While the SOCRATES survey aims to assess public knowledge and perceptions of infectious diseases, the responses may not represent the wider Singaporean population. The limitation of an electronic survey format may also have resulted in a biased sample agreeing to participate. For instance, those that are more technology literate. Mental health and well-being assessments are also not routinely reported locally. Thus, we cannot compare our findings to the pre-pandemic state, except for resilience for which we had pre-pandemic data.
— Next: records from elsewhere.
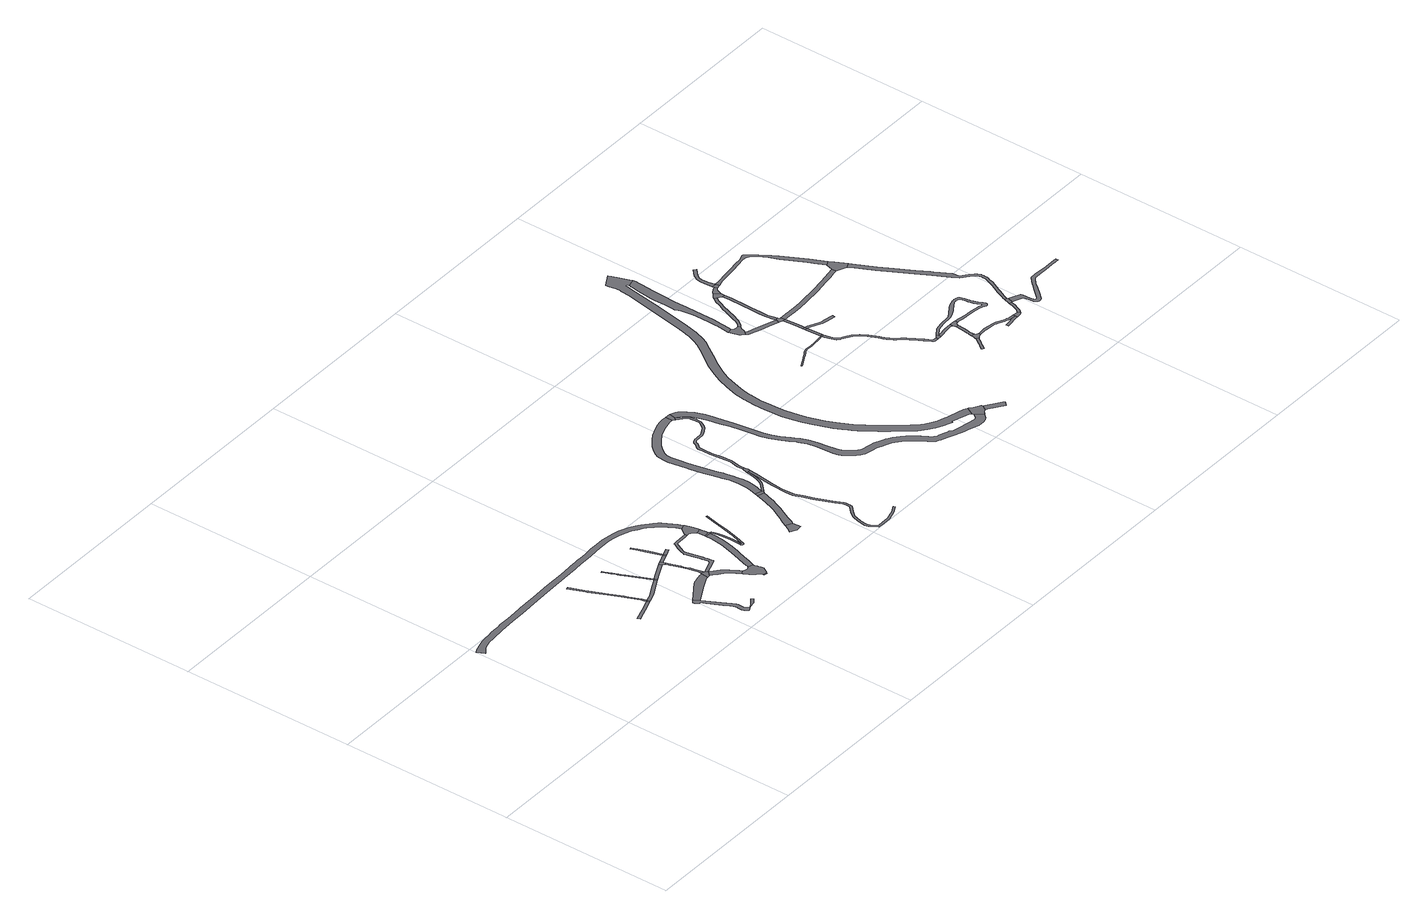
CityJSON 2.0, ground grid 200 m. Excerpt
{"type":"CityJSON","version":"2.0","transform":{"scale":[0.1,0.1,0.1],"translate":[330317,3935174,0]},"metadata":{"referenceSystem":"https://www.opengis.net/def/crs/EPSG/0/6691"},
"CityObjects":{
"road1":{"type":"Road","attributes":{"RoadStructureAttribute.sectionType":"1"},"geometry":[{"type":"MultiSurface","lod":"1","boundaries":[[[0,1,2,3,4,5,6]]]}]},
"road2":{"type":"Road","attributes":{"RoadStructureAttribute.sectionType":"1"},"geometry":[{"type":"MultiSurface","lod":"1","boundaries":[[[7,8,9,10,11,12,13,14,15,16,17,18,19,20,21,22,4,23]]]}]},
"road3":{"type":"Road","attributes":{"RoadStructureAttribute.sectionType":"1"},"geometry":[{"type":"MultiSurface","lod":"1","boundaries":[[[24,25,26,27,28,29,30,31,32,33,34,35,36,37,38,39,40,41,42,43,44,45,46,47,48,49,50,51,52,53,54,55,56,57,58,59,60,61,62,63,64,65,66,67,68,69,70,71,72,73,74,75,76,77,78,79,80,81,82,83,84,85,86,87,88,89,90,91,92,93,94,95,96,97,98,99,100,101,102,103,104,105,106,107]]]}]},
"road4":{"type":"Road","geometry":[{"type":"MultiSurface","lod":"1","boundaries":[[[4,3,108,23]]]}]},
"road5":{"type":"Road","attributes":{"RoadStructureAttribute.sectionType":"1"},"geometry":[{"type":"MultiSurface","lod":"1","boundaries":[[[109,110,111,112,23,108,113,114,115,116,117]]]}]},
"road6":{"type":"Road","geometry":[{"type":"MultiSurface","lod":"1","boundaries":[[[118,119,120,121,122,123,124,125,126,127,128,129,130,131,132,133,134,135,136,137,138,139,140,141,142,143,144,145,146,147,148,149,150,151,152,153,154,155,156,157,158,159,160]]]}]},
"road7":{"type":"Road","attributes":{"RoadStructureAttribute.sectionType":"1"},"geometry":[{"type":"MultiSurface","lod":"1","boundaries":[[[161,162,163,164,165,166,167,168,169,170,171,172,173,174,175,176,177,178,179,180,181,117]]]}]},
"road8":{"type":"Road","geometry":[{"type":"MultiSurface","lod":"1","boundaries":[[[182,183,184,185,118]]]}]},
"road9":{"type":"Road","geometry":[{"type":"MultiSurface","lod":"1","boundaries":[[[116,186,161,117]]]}]},
"road10":{"type":"Road","attributes":{"function":"3","RoadStructureAttribute.sectionType":"1"},"geometry":[{"type":"MultiSurface","lod":"1","boundaries":[[[131,187,188,189,190,191,192,193,194,195,196,197,198,199,200,201,202,203,204,205,206,207,208,209,132]]]}]},
"road11":{"type":"Road","attributes":{"RoadStructureAttribute.sectionType":"1"},"geometry":[{"type":"MultiSurface","lod":"1","boundaries":[[[210,211,161,186,212,213,214,215]]]}]},
"road12":{"type":"Road","geometry":[{"type":"MultiSurface","lod":"1","boundaries":[[[214,216,217,218,219,215]]]}]},
"road13":{"type":"Road","geometry":[{"type":"MultiSurface","lod":"1","boundaries":[[[220,194,193,221,222,223,224]]]}]},
"road14":{"type":"Road","attributes":{"RoadStructureAttribute.sectionType":"1"},"geometry":[{"type":"MultiSurface","lod":"1","boundaries":[[[224,225,226,227,228,229,230,231,232,217,216,233,234,235,236,237,238,239,240,241,242,243,220]]]}]},
"road15":{"type":"Road","attributes":{"function":"3","RoadStructureAttribute.sectionType":"1"},"geometry":[{"type":"MultiSurface","lod":"1","boundaries":[[[244,245,246,247,248,249,250,251,252,223,222,253,254,255,256,257,258,259,260,261,262,263,264]]]}]},
"road16":{"type":"Road","attributes":{"RoadStructureAttribute.sectionType":"1"},"geometry":[{"type":"MultiSurface","lod":"1","boundaries":[[[265,266,219,218,267,268]]]}]},
"road17":{"type":"Road","attributes":{"RoadStructureAttribute.sectionType":"1"},"geometry":[{"type":"MultiSurface","lod":"1","boundaries":[[[269,270,271,272,273,274,265,275]]]}]},
"road18":{"type":"Road","geometry":[{"type":"MultiSurface","lod":"1","boundaries":[[[265,268,276,275]]]}]},
"road19":{"type":"Road","geometry":[{"type":"MultiSurface","lod":"1","boundaries":[[[276,277,278,275]]]}]},
"road20":{"type":"Road","geometry":[{"type":"MultiSurface","lod":"1","boundaries":[[[279,280,281,282,283,284,285,286,287,264,263,288,289,290,291,292,293,294,295,296,297,298,299,300,301,302,303,304,305,306,307,308,309,310]]]}]},
"road21":{"type":"Road","geometry":[{"type":"MultiSurface","lod":"1","boundaries":[[[311,312,313,296,295,314,315]]]}]},
"road22":{"type":"Road","attributes":{"RoadStructureAttribute.sectionType":"1"},"geometry":[{"type":"MultiSurface","lod":"1","boundaries":[[[223,316,317,318,319,320,321,322,323,324,325,326,327,328,329,330,331,332,333,334,335,336,337,338,339,340,341,342,343,344,345,346,347,348,349,350,351,352,353,354,355,356,357,358,359,360,361,362,363,224]]]}]},
"road23":{"type":"Road","attributes":{"RoadStructureAttribute.sectionType":"1"},"geometry":[{"type":"MultiSurface","lod":"1","boundaries":[[[364,365,366,367,368,369,370,371,372,373,374,375,279,310,376,377,378,379,380,381,382,383,384]]]}]},
"road24":{"type":"Road","geometry":[{"type":"MultiSurface","lod":"1","boundaries":[[[385,386,387,388,107,106,389,390,391,339,338,392,393,394,395,396,397]]]}]},
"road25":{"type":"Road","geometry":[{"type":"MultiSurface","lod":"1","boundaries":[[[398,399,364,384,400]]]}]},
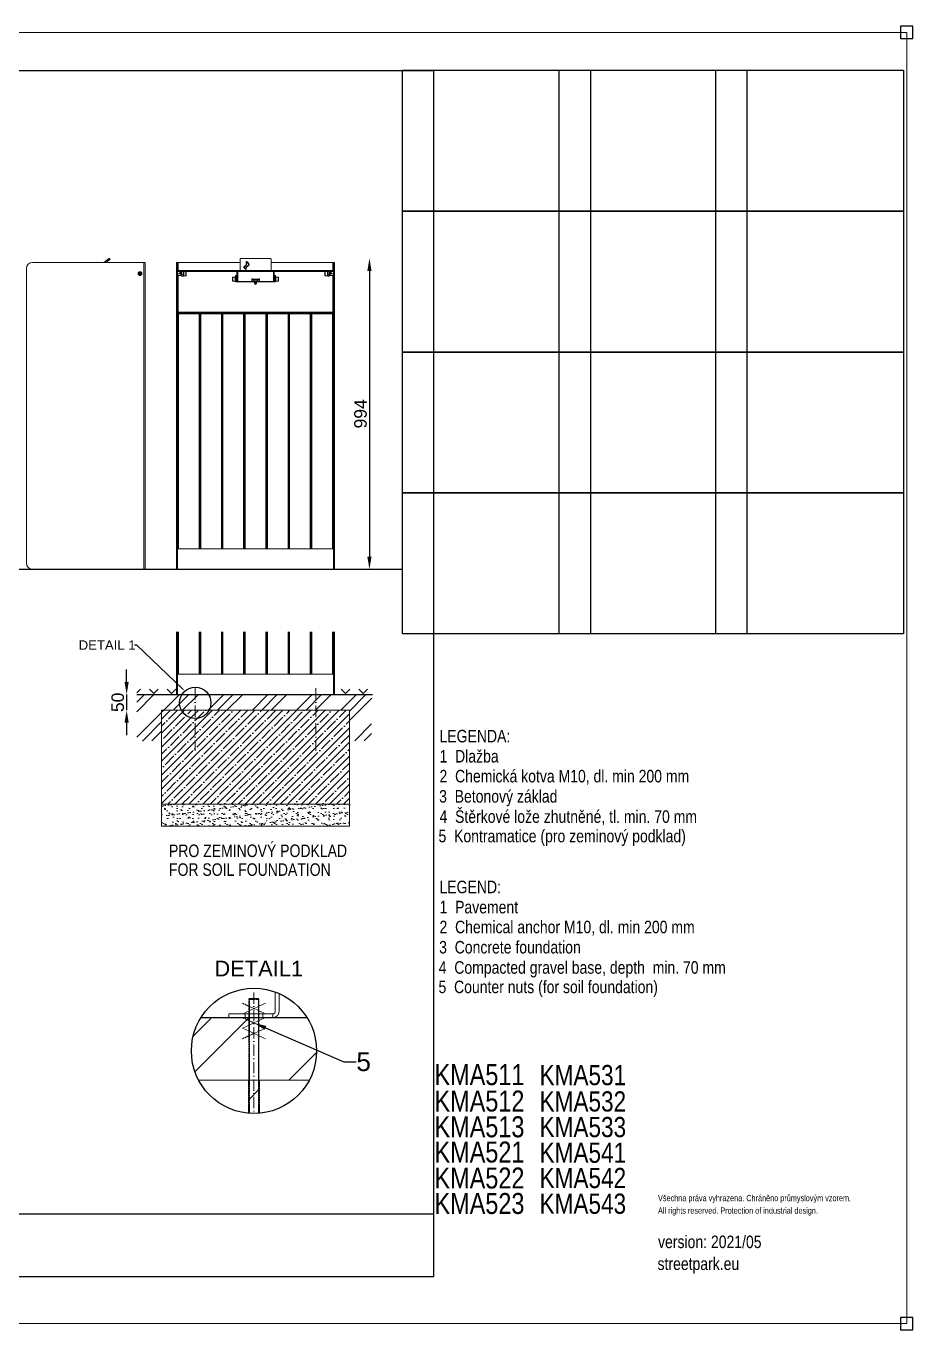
# Model space of a CAD drawing. Header units: millimetres. Extents: x -1511 to 5721, y -19897 to 4144.
# Drawn here: x 2888 to 5721, y -20 to 4144 of the extents above; entities that cross this region are included whole.
import ezdxf
from ezdxf import colors
from ezdxf.entities.mleader import LeaderData, LeaderLine
from ezdxf.math import Vec2, Vec3

# ---------------------------------------------------------------- set-up
doc = ezdxf.new("R2010")
doc.units = ezdxf.units.MM
for name, pattern in [('ACAD_ISO02W100', [15, 12, -3]), ('ACAD_ISO10W100', [18.5, 12, -3, 0.5, -3]), ('HIDDEN', [1.905, 1.27, -0.635]), ('INCONTINUOUS', [200000.001, 200000, -0.001])]:
    doc.linetypes.add(name, pattern=pattern)
for name, color, linetype in [('KOTY', 3, 'INCONTINUOUS'), ('OBRYSOVA', 7, 'Continuous'), ('OSY', 1, 'ACAD_ISO10W100'), ('POSTAVY ATD', 8, 'Continuous'), ('SRAFY', 30, 'Continuous')]:
    doc.layers.add(name, color=color, linetype=linetype)
doc.layers.add('Nekreslit', color=6, linetype='Continuous', plot=False)
doc.styles.add('SEACAD_Arial', font='arial.ttf', dxfattribs={"width": 0.8})
doc.styles.get("Standard").update_dxf_attribs({"font": 'arial.ttf'})
doc.dimstyles.new('PROFI_CSN', dxfattribs={"dimscale": 0, "dimtxt": 3.5, "dimasz": 3, "dimexe": 1, "dimexo": 0, "dimgap": 1.5, "dimtad": 1, "dimlfac": -1, "dimdsep": 46, "dimtxsty": 'Standard', "dimcen": 0, "dimdle": 1, "dimclrd": 256, "dimclre": 256, "dimclrt": 256, "dimadec": 0, "dimazin": 0, "dimtfac": 0.6, "dimtmove": 0, "dimatfit": 1, "dimfxl": 1, "dimtolj": 1, "dimarcsym": 0})
picture_1 = doc.add_image_def('image1.jpg', size_in_pixel=(800, 600))
picture_2 = doc.add_image_def('image2.jpg', size_in_pixel=(800, 600))
picture_3 = doc.add_image_def('image3.jpg', size_in_pixel=(800, 600))
picture_4 = doc.add_image_def('image4.jpg', size_in_pixel=(800, 600))
picture_5 = doc.add_image_def('image5.jpg', size_in_pixel=(800, 600))
picture_6 = doc.add_image_def('image6.jpg', size_in_pixel=(800, 600))
picture_7 = doc.add_image_def('image7.jpg', size_in_pixel=(800, 600))
picture_8 = doc.add_image_def('image8.jpg', size_in_pixel=(800, 600))
picture_9 = doc.add_image_def('image9.jpg', size_in_pixel=(800, 600))
picture_10 = doc.add_image_def('image10.jpg', size_in_pixel=(800, 600))
picture_11 = doc.add_image_def('image11.jpg', size_in_pixel=(800, 600))
picture_12 = doc.add_image_def('image12.jpg', size_in_pixel=(800, 600))

# ---------------------------------------------------------------- blocks, each defined once
blk = doc.blocks.new('*D31')
at = {"layer": 'DEFPOINTS', "color": 0, "transparency": 16777216}
for p in [(3665.5, 3401.9), (3873, 2409), (3984.8, 2409)]:
    blk.add_point(p, dxfattribs=at)
at = {"layer": 'KOTY', "color": 7, "lineweight": -2, "transparency": 16777216}
blk.add_line((3984.8, 3361.9), (3984.8, 2449), dxfattribs=at)
at = {"layer": 'KOTY', "color": 7, "transparency": 16777216}
for points in [[(3978.1, 3361.9), (3991.5, 3361.9), (3984.8, 3401.9)], [(3978.1, 2449), (3991.5, 2449), (3984.8, 2409)]]:
    blk.add_solid(points, dxfattribs=at)
at = {"layer": 'KOTY', "color": 7, "lineweight": 15, "transparency": 16777216, "insert": (3956.4, 2905.4), "char_height": 40, "attachment_point": 5, "rotation": 90}
blk.add_mtext('\\A1;994', dxfattribs=at)
blk = doc.blocks.new('*D40')
at = {"layer": 'DEFPOINTS', "color": 0, "transparency": 16777216}
for p in [(3369, 2009), (3209.4, 1958.9), (3321, 1958.9)]:
    blk.add_point(p, dxfattribs=at)
at = {"layer": 'POSTAVY ATD', "color": 7, "lineweight": -2, "transparency": 16777216}
for p, q in [((3209.4, 2049), (3209.4, 2089)), ((3209.4, 2009), (3209.4, 1958.9)), ((3209.4, 1918.9), (3209.4, 1878.9))]:
    blk.add_line(p, q, dxfattribs=at)
at = {"layer": 'POSTAVY ATD', "color": 7, "transparency": 16777216}
for points in [[(3202.7, 2049), (3216, 2049), (3209.4, 2009)], [(3202.7, 1918.9), (3216, 1918.9), (3209.4, 1958.9)]]:
    blk.add_solid(points, dxfattribs=at)
at = {"layer": 'POSTAVY ATD', "color": 7, "lineweight": 15, "transparency": 16777216, "insert": (3181, 1984), "char_height": 40, "attachment_point": 5, "rotation": 90}
blk.add_mtext('\\A1;50', dxfattribs=at)

msp = doc.modelspace()

# ---------------------------------------------------------------- hatches: boundary and pattern name
at = {"transparency": 33554610}
h = msp.add_hatch(dxfattribs=at)
h.set_pattern_fill('ANSI35', color=9, scale=5)
h.set_pattern_definition([(45, (-91.554, 2e-12), (-22.45064, 22.45064), []), (45, (-69.104, 2e-12), (-22.45064, 22.45064), [39.6875, -7.9375, 0, -7.9375])])
h.paths.add_polyline_path([(3921, 1658.9), (3921, 1958.9), (3321, 1958.9), (3321, 1658.9)])
h = msp.add_hatch(dxfattribs=at)
h.set_pattern_fill('ANSI35', color=9, scale=20)
h.set_pattern_definition([(45, (-10550.59, -7058.57), (-89.8026, 89.8026), []), (45, (-10460.79, -7058.57), (-89.8026, 89.8026), [158.75, -31.75, 0, -31.75])])
h.paths.add_polyline_path([(3598, 671.7, 0.045091), (3634, 671.7), (3634, 777.1), (3598, 777.1)])
at = {"layer": 'POSTAVY ATD'}
h = msp.add_hatch(dxfattribs=at)
h.set_pattern_fill('GOST_GROUND', color=256, scale=10)
h.set_pattern_definition([(45, (-4623.66, -3305.65), (141.4214, -9e-15), [200]), (45, (-4593.66, -3305.65), (141.4214, -9e-15), [200]), (45, (-4563.66, -3305.65), (141.4214, -9e-15), [200])])
h.paths.add_polyline_path([(3321, 1861.3), (3241.8, 1860.3), (3241.8, 2008), (3992.1, 2009), (3990.9, 1861.6), (3921, 1861.6), (3921, 1959), (3321, 1959)])
h = msp.add_hatch(dxfattribs=at)
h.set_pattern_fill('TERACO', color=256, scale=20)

Furthermore, we cannot rule out memory effects (i.e., a response influenced by prior responses to the same question). However, these may be minimised for the Kessler, SWEMWS and CD-RISC-10 instruments, which ask questions anchored to a specific period, reducing the influence of past responses. Finally, all survey questions were mandatory to minimise missing data, however, we acknowledge this may have introduced response bias into the study.

Conclusions

We observed a small determinantal impact on the resilience of the general population in our study. Policymakers should strive to identify and alleviate contextual factors that continue to create stress to prevent resilience decline. These may include social, economic, and health-related factors. Furthermore, investment in population surveillance is warranted to aid in decision-making when allocating finite resources for population mental health and well-being.